*** Provided records Section Begins ***

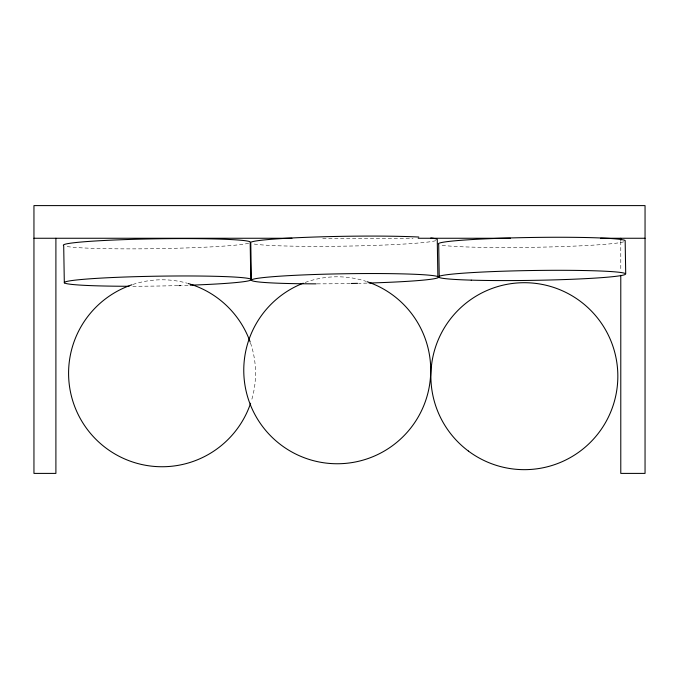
<?xml version="1.0" encoding="UTF-8"?>
<svg xmlns="http://www.w3.org/2000/svg" width="679" height="679" viewBox="0 0 679 679"><rect width="100%" height="100%" fill="white"/><g stroke="black" fill="none" stroke-linecap="round" stroke-linejoin="round"><path stroke-width="0.51" stroke-dasharray="3.4 2.55" d="M322.72 238.261L413.061 238.261M620.784 241.444L620.784 271.099M623.695 241.817A93.481 4.923 -0.9 0 1 531.199 247.334A93.481 4.923 -0.9 0 1 439.899 244.771M435.782 240.646A93.481 4.923 -0.9 0 1 343.285 246.163A93.481 4.923 -0.9 0 1 251.985 243.6M367.008 283.101A93.481 4.923 -0.9 0 1 358.622 283.321M350.194 283.508A93.481 4.923 -0.9 0 1 316.125 283.847M248.701 243.158A93.481 4.923 -0.9 0 1 156.204 248.667A93.481 4.923 -0.9 0 1 64.895 246.104M188.066 285.273A93.481 4.923 -0.9 0 1 181.989 285.469M177.847 285.587A93.481 4.923 -0.9 0 1 131.183 286.275M250.534 343.09A93.481 93.481 0 0 1 251.247 401.289M132.855 284.467A93.481 93.481 0 0 1 187.141 283.211M305.143 282.472A93.481 93.481 0 0 1 366.244 281.403"/><path stroke-width="1.02" d="M33.95 238.261L291.962 238.261M418.188 238.261L510.472 238.261M600.635 238.261L645.05 238.261M625.707 273.527L625.164 240.51A93.481 4.923 -0.9 0 0 525.317 237.591A93.481 4.923 -0.9 0 0 438.693 244.279L439.237 277.295M437.87 276.803L437.251 239.339A93.481 4.923 -0.9 0 0 430.817 237.973M251.4 280.563L250.78 243.107A93.481 4.923 -0.9 0 1 311.355 237.149A93.481 4.923 -0.9 0 1 418.807 237.039M250.78 279.23L250.169 241.851A93.481 4.923 -0.9 0 0 150.322 238.923A93.481 4.923 -0.9 0 0 63.699 245.611L64.318 282.999M620.784 238.261L620.784 240.383M620.784 275.334L620.784 473.399L645.05 473.399L645.05 205.601L33.95 205.601L33.95 473.399L55.899 473.399L55.899 238.261M316.125 283.847A93.481 4.923 -0.9 0 1 269.775 276.964A93.481 4.923 -0.9 0 1 421.956 274.647A93.481 4.923 -0.9 0 1 369.079 283.033M357.57 283.347A93.481 4.923 -0.9 0 1 351.247 283.491M129.044 286.275A93.481 4.923 -0.9 0 1 80.996 279.544A93.481 4.923 -0.9 0 1 231.471 276.888A93.481 4.923 -0.9 0 1 190.239 285.188M180.962 285.503A93.481 4.923 -0.9 0 1 178.891 285.562M250.61 403.233A93.481 93.481 0 0 1 96.036 439.44A93.481 93.481 0 0 1 131.887 284.79M188.125 283.491A93.481 93.481 0 0 1 250.203 342.123M367.212 281.726A93.481 93.481 0 0 1 413.494 424.358A93.481 93.481 0 0 1 263.571 427.812A93.481 93.481 0 0 1 303.241 283.194M471.226 280.138A93.481 4.923 -0.9 0 0 624.247 274.834A93.481 4.923 -0.9 0 0 501.959 271.252A93.481 4.923 -0.9 0 0 471.226 280.138M468.349 451.026A93.481 93.481 0 0 0 617.177 387.259A93.481 93.481 0 0 0 487.539 290.256A93.481 93.481 0 0 0 468.349 451.026"/></g></svg>
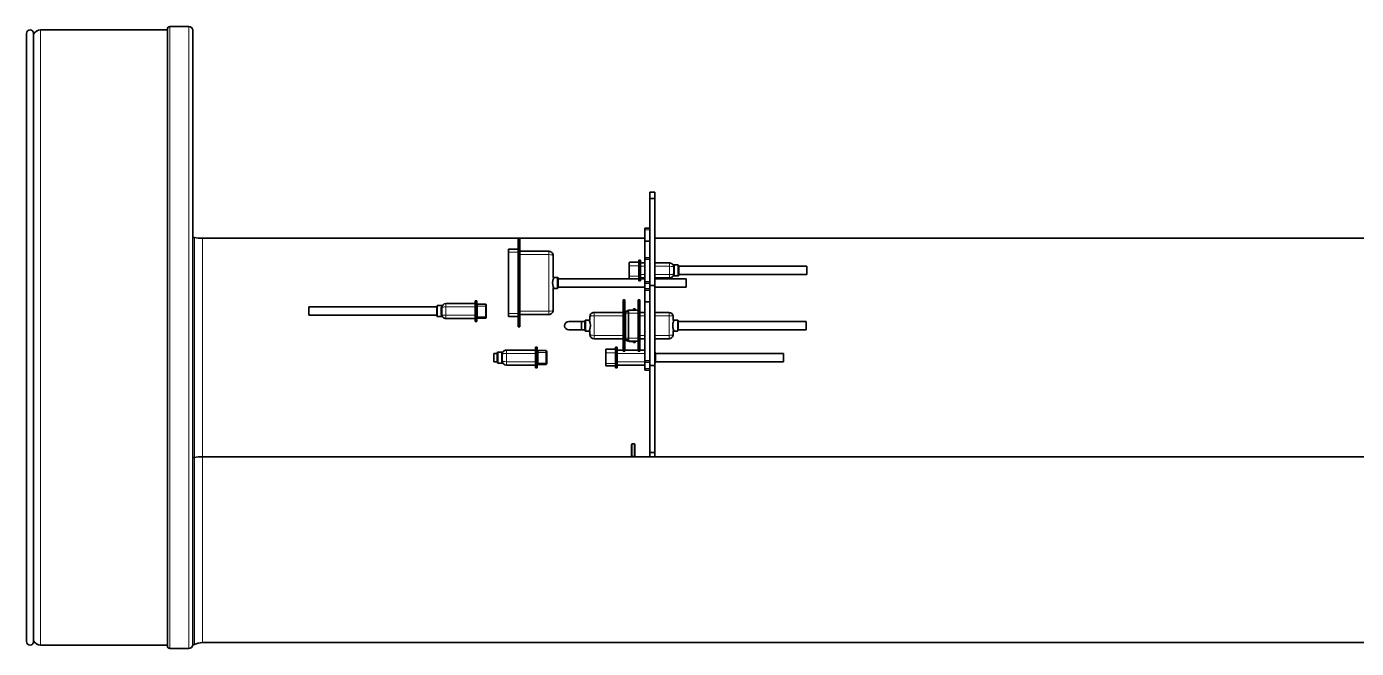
# Model space of a CAD drawing. Extents: x -1556 to 2480, y -1748 to 2591.
# Drawn here: x -1556 to -756, y 234 to 608 of the extents above; entities that cross this region are included whole.
import ezdxf

# ---------------------------------------------------------------- set-up
doc = ezdxf.new("R2010")
doc.units = 0

msp = doc.modelspace()

# ---------------------------------------------------------------- linework, layer by layer
at = {"color": 7, "lineweight": 35}
for p, q in [((-1555.73999, 603.418518), (-1555.73999, 581.026367)), ((-1555.73999, 259.973663), (-1555.73999, 603.418518)), ((-1551.577026, 259.973877), (-1551.577026, 603.418518)), ((-1471.019775, 605.5), (-1547.299805, 605.5)), ((-1471.019775, 257.708313), (-1471.019775, 606)), ((-1455.73999, 605.5), (-1455.73999, 258.147217)), ((-1555.73999, 595.800537), (-1555.73999, 266.659271)), ((-1555.73999, 581.026367), (-1555.73999, 237.581467)), ((-1180.835083, 451.689758), (-1180.835083, 504.154236)), ((-1177.835083, 451.689758), (-1177.835083, 504.154236)), ((-1183.834961, 480.24176), (-1449.930542, 480.24176)), ((-461.549469, 480.24176), (-1177.834961, 480.24176)), ((-1259.999878, 478.838959), (-1259.999878, 427.838959)), ((-1258.999878, 478.838959), (-1258.999878, 427.838959)), ((-1265.799927, 471.838959), (-1265.799927, 434.838959)), ((-1163.383911, 463.312592), (-1086.383911, 463.312592)), ((-1163.383911, 458.312592), (-1086.383911, 458.312592)), ((-1235.999878, 455.838959), (-1193.08313, 455.838959)), ((-1235.999878, 450.838959), (-1183.835083, 450.838959)), ((-1180.835083, 403.71405), (-1180.835083, 451.689758)), ((-1177.835083, 403.71405), (-1177.835083, 451.689758)), ((-1196.843872, 413.274292), (-1196.843872, 442.08429)), ((-1195.843872, 413.274292), (-1195.843872, 442.08429)), ((-1187.750854, 442.079437), (-1187.750854, 413.279419)), ((-1186.750854, 442.079437), (-1186.750854, 413.279419)), ((-1183.835083, 441.875305), (-1183.835083, 406.700378)), ((-1180.835083, 441.875305), (-1180.835083, 406.700378)), ((-1308.966919, 438.890228), (-1385.966919, 438.890228)), ((-1308.966919, 433.890228), (-1385.966919, 433.890228)), ((-1163.750854, 430.179291), (-1086.750854, 430.179291)), ((-1163.750854, 425.179291), (-1086.750854, 425.179291)), ((-1177.44519, 410.956329), (-1100.44519, 410.956329)), ((-1180.835083, 351.250885), (-1180.835083, 403.71405)), ((-1177.835083, 351.250885), (-1177.835083, 403.71405)), ((-1177.44519, 405.956329), (-1100.44519, 405.956329)), ((-1455.73999, 348.214752), (-1455.73999, 235.5)), ((-461.549469, 348.800842), (-1449.930542, 348.800842)), ((-1555.73999, 266.659271), (-1555.73999, 245.199432)), ((-1555.73999, 237.581467), (-1555.73999, 259.973663)), ((-1551.577026, 237.581467), (-1551.577026, 259.973877)), ((-1471.019775, 235), (-1471.019775, 257.708313)), ((-1455.73999, 258.147217), (-1455.73999, 235.5)), ((-1471.019775, 235.5), (-1547.299805, 235.5)), ((-461.549469, 237), (-1449.930542, 237))]:
    msp.add_line(p, q, dxfattribs=at)
at = {"color": 7, "lineweight": 13}
for p, q in [((-1547.299805, 605.5), (-1547.299805, 258.147217)), ((-1469.519775, 607.5), (-1469.519775, 256.392059)), ((-1458.189453, 607.5), (-1458.189453, 256.392059)), ((-1454.771729, 480.648712), (-1454.771729, 348.312439)), ((-1449.930542, 480.24176), (-1449.930542, 348.800842)), ((-1265.599976, 471.838959), (-1265.599976, 434.838959)), ((-1260.199951, 471.838959), (-1260.199951, 434.838959)), ((-1241.499878, 436.338959), (-1241.499878, 470.338959)), ((-1454.771729, 348.312439), (-1454.771729, 235.75)), ((-1449.930542, 348.800842), (-1449.930542, 237)), ((-1547.299805, 258.147217), (-1547.299805, 235.5)), ((-1469.519775, 256.392059), (-1469.519775, 233.5)), ((-1458.189453, 256.392059), (-1458.189453, 233.5))]:
    msp.add_line(p, q, dxfattribs=at)
at = {"color": 7, "lineweight": 35, "ltscale": 0.012505}
msp.add_line((-1471.019775, 606), (-1471.019775, 605.499817), dxfattribs=at)
at = {"color": 7, "lineweight": 35, "ltscale": 0.283258}
for p, q in [((-1458.189453, 607.5), (-1469.519775, 607.5)), ((-1458.189453, 233.5), (-1469.519775, 233.5))]:
    msp.add_line(p, q, dxfattribs=at)
at = {"color": 7, "lineweight": 35, "ltscale": 0.095053}
for p, q in [((-1180.835083, 504.154236), (-1180.835083, 507.95636)), ((-1177.835083, 504.154236), (-1177.835083, 507.95636))]:
    msp.add_line(p, q, dxfattribs=at)
at = {"color": 7, "lineweight": 35, "ltscale": 0.075}
for p, q in [((-1177.835083, 507.95636), (-1180.835083, 507.95636)), ((-1177.835083, 504.154236), (-1180.835083, 504.154236)), ((-1180.835083, 486.309937), (-1183.835083, 486.309937)), ((-1180.835083, 478.481293), (-1183.835083, 478.481293)), ((-1180.835083, 478.481293), (-1183.835083, 478.481293)), ((-1180.835083, 468.46875), (-1183.835083, 468.46875)), ((-1180.835083, 468.467468), (-1183.835083, 468.467468)), ((-1180.835083, 453.202942), (-1183.835083, 453.202942)), ((-1180.835083, 449.704132), (-1183.835083, 449.704132)), ((-1177.835083, 451.689758), (-1180.835083, 451.689758)), ((-1180.835083, 441.875397), (-1183.835083, 441.875397)), ((-1180.835083, 441.875305), (-1183.835083, 441.875305)), ((-1180.835083, 405.700623), (-1183.835083, 405.700623)), ((-1180.835083, 400.823883), (-1183.835083, 400.823883)), ((-1177.835083, 403.71405), (-1180.835083, 403.71405)), ((-1177.835083, 351.250885), (-1180.835083, 351.250885))]:
    msp.add_line(p, q, dxfattribs=at)
at = {"color": 7, "lineweight": 35, "ltscale": 0.024994}
for p, q in [((-1183.835083, 486.309937), (-1183.835083, 485.310181)), ((-1180.835083, 486.309937), (-1180.835083, 485.310181)), ((-1183.835083, 406.700378), (-1183.835083, 405.700623)), ((-1180.835083, 406.700378), (-1180.835083, 405.700623))]:
    msp.add_line(p, q, dxfattribs=at)
at = {"color": 7, "lineweight": 13, "ltscale": 0.075}
for p, q in [((-1180.835083, 485.310181), (-1183.835083, 485.310181)), ((-1180.835083, 467.467682), (-1183.835083, 467.467682)), ((-1180.835083, 454.203369), (-1183.835083, 454.203369)), ((-1180.835083, 448.704346), (-1183.835083, 448.704346)), ((-1180.835083, 406.700378), (-1183.835083, 406.700378)), ((-1180.835083, 401.824341), (-1183.835083, 401.824341))]:
    msp.add_line(p, q, dxfattribs=at)
at = {"color": 7, "lineweight": 35, "ltscale": 0.170722}
for p, q in [((-1183.835083, 485.310181), (-1183.835083, 478.481293)), ((-1180.835083, 485.310181), (-1180.835083, 478.481293))]:
    msp.add_line(p, q, dxfattribs=at)
at = {"color": 7, "lineweight": 35, "ltscale": 0.120719}
msp.add_line((-1183.835083, 483.310059), (-1183.835083, 478.481293), dxfattribs=at)
at = {"color": 7, "lineweight": 35, "ltscale": 0.04}
for p, q in [((-1265.799927, 473.438965), (-1265.799927, 471.838959)), ((-1265.799927, 434.838959), (-1265.799927, 433.238953))]:
    msp.add_line(p, q, dxfattribs=at)
at = {"color": 7, "lineweight": 13, "ltscale": 0.045}
for p, q in [((-1265.599976, 473.638947), (-1265.599976, 471.838959)), ((-1260.199951, 473.638947), (-1260.199951, 471.838959)), ((-1265.599976, 434.838959), (-1265.599976, 433.03894)), ((-1260.199951, 434.838959), (-1260.199951, 433.03894)), ((-1193.35083, 436.97937), (-1193.35083, 435.179382)), ((-1187.950928, 436.97937), (-1187.950928, 435.179382)), ((-1193.35083, 420.179382), (-1193.35083, 418.379364)), ((-1187.950928, 420.179382), (-1187.950928, 418.379364))]:
    msp.add_line(p, q, dxfattribs=at)
at = {"color": 7, "lineweight": 35, "ltscale": 0.135001}
for p, q in [((-1260.199951, 473.638947), (-1265.599976, 473.638947)), ((-1187.583862, 465.812592), (-1192.983887, 465.812592)), ((-1187.583862, 455.812592), (-1192.983887, 455.812592)), ((-1260.199951, 433.03894), (-1265.599976, 433.03894)), ((-1201.645142, 413.456329), (-1207.045166, 413.456329)), ((-1201.645142, 403.456329), (-1207.045166, 403.456329))]:
    msp.add_line(p, q, dxfattribs=at)
at = {"color": 7, "lineweight": 35, "ltscale": 0.025}
for p, q in [((-1258.999878, 479.838959), (-1259.999878, 479.838959)), ((-1259.999878, 479.838959), (-1259.999878, 478.838959)), ((-1258.999878, 479.838959), (-1258.999878, 478.838959)), ((-1187.383911, 467.062592), (-1187.383911, 466.062592)), ((-1186.383911, 467.062592), (-1187.383911, 467.062592)), ((-1186.383911, 467.062592), (-1186.383911, 466.062592)), ((-1187.383911, 455.562592), (-1187.383911, 454.562592)), ((-1186.383911, 454.562592), (-1187.383911, 454.562592)), ((-1186.383911, 455.562592), (-1186.383911, 454.562592)), ((-1285.966919, 442.640228), (-1284.966919, 442.640228)), ((-1285.966919, 441.640228), (-1285.966919, 442.640228)), ((-1284.966919, 441.640228), (-1284.966919, 442.640228)), ((-1196.843872, 443.08429), (-1195.843872, 443.08429)), ((-1196.843872, 442.08429), (-1196.843872, 443.08429)), ((-1195.843872, 442.08429), (-1195.843872, 443.08429)), ((-1186.750854, 443.079407), (-1187.750854, 443.079407)), ((-1189.659424, 437.682861), (-1190.659424, 437.682861)), ((-1285.966919, 430.140228), (-1285.966919, 431.140228)), ((-1285.966919, 430.140228), (-1284.966919, 430.140228)), ((-1284.966919, 430.140228), (-1284.966919, 431.140228)), ((-1259.999878, 427.838959), (-1259.999878, 426.838959)), ((-1258.999878, 426.838959), (-1259.999878, 426.838959)), ((-1258.999878, 427.838959), (-1258.999878, 426.838959)), ((-1189.659424, 417.422882), (-1190.659424, 417.422882)), ((-1249.582397, 414.705109), (-1248.582397, 414.705109)), ((-1201.44519, 414.706329), (-1201.44519, 413.706329)), ((-1200.44519, 414.706329), (-1201.44519, 414.706329)), ((-1200.44519, 414.706329), (-1200.44519, 413.706329)), ((-1196.843872, 412.274292), (-1196.843872, 413.274292)), ((-1196.843872, 412.274292), (-1195.843872, 412.274292)), ((-1195.843872, 412.274292), (-1195.843872, 413.274292)), ((-1186.750854, 412.279388), (-1187.750854, 412.279388)), ((-1249.582397, 402.205109), (-1248.582397, 402.205109)), ((-1201.44519, 403.206329), (-1201.44519, 402.206329)), ((-1200.44519, 402.206329), (-1201.44519, 402.206329)), ((-1200.44519, 403.206329), (-1200.44519, 402.206329))]:
    msp.add_line(p, q, dxfattribs=at)
at = {"color": 7, "lineweight": 13, "ltscale": 0.025}
for p, q in [((-1258.999878, 478.838959), (-1259.999878, 478.838959)), ((-1186.383911, 466.062592), (-1187.383911, 466.062592)), ((-1186.383911, 455.562592), (-1187.383911, 455.562592)), ((-1285.966919, 441.640228), (-1284.966919, 441.640228)), ((-1196.843872, 442.08429), (-1195.843872, 442.08429)), ((-1186.750854, 442.079437), (-1187.750854, 442.079437)), ((-1195.343872, 435.179291), (-1195.343872, 436.179291)), ((-1285.966919, 431.140228), (-1284.966919, 431.140228)), ((-1258.999878, 427.838959), (-1259.999878, 427.838959)), ((-1195.343872, 419.179291), (-1195.343872, 420.179291)), ((-1249.582397, 413.705078), (-1248.582397, 413.705078)), ((-1200.44519, 413.706329), (-1201.44519, 413.706329)), ((-1196.843872, 413.274292), (-1195.843872, 413.274292)), ((-1186.750854, 413.279419), (-1187.750854, 413.279419)), ((-1249.582397, 403.205078), (-1248.582397, 403.205078)), ((-1200.44519, 403.206329), (-1201.44519, 403.206329))]:
    msp.add_line(p, q, dxfattribs=at)
at = {"color": 7, "lineweight": 35, "ltscale": 0.4375}
for p, q in [((-1258.999878, 472.338959), (-1241.499878, 472.338959)), ((-1285.966919, 440.890228), (-1303.466919, 440.890228)), ((-1258.999878, 434.338959), (-1241.499878, 434.338959)), ((-1196.843872, 435.58429), (-1214.343872, 435.58429)), ((-1285.966919, 431.890228), (-1303.466919, 431.890228)), ((-1196.843872, 419.774292), (-1214.343872, 419.774292)), ((-1249.582397, 412.955505), (-1267.082397, 412.955505)), ((-1249.582397, 403.955505), (-1267.082397, 403.955505))]:
    msp.add_line(p, q, dxfattribs=at)
at = {"color": 7, "lineweight": 13, "ltscale": 0.05}
for p, q in [((-1241.499878, 470.338959), (-1241.499878, 472.338959)), ((-1168.883911, 463.312592), (-1168.883911, 465.312592)), ((-1168.883911, 456.312592), (-1168.883911, 458.312592)), ((-1303.466919, 440.890228), (-1303.466919, 438.890228)), ((-1303.466919, 433.890228), (-1303.466919, 431.890228)), ((-1241.499878, 434.338959), (-1241.499878, 436.338959)), ((-1214.343872, 435.58429), (-1214.343872, 433.58429)), ((-1214.343872, 421.774292), (-1214.343872, 419.774292))]:
    msp.add_line(p, q, dxfattribs=at)
at = {"color": 7, "lineweight": 35, "ltscale": 0.250314}
for p, q in [((-1183.835083, 478.481293), (-1183.835083, 468.468719)), ((-1180.835083, 478.481293), (-1180.835083, 468.468719))]:
    msp.add_line(p, q, dxfattribs=at)
at = {"color": 7, "lineweight": 35, "ltscale": 0.095048}
msp.add_line((-1183.835083, 478.481293), (-1183.835083, 474.679382), dxfattribs=at)
at = {"color": 7, "lineweight": 35, "ltscale": 0.00108}
msp.add_line((-1183.835083, 474.680237), (-1183.835083, 474.637024), dxfattribs=at)
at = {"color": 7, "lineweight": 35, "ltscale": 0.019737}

*** Provided records Section Ends ***

▶ _Exercise details_: Beginning at the line that holds "(-1183.835083, 474.637024), dxfattribs=at)", copy every line through the end of the entries exactly as given, and only those lines.

▶ _Solution for this exercise_:
msp.add_line((-1183.835083, 474.680237), (-1183.835083, 474.637024), dxfattribs=at)
at = {"color": 7, "lineweight": 35, "ltscale": 0.019737}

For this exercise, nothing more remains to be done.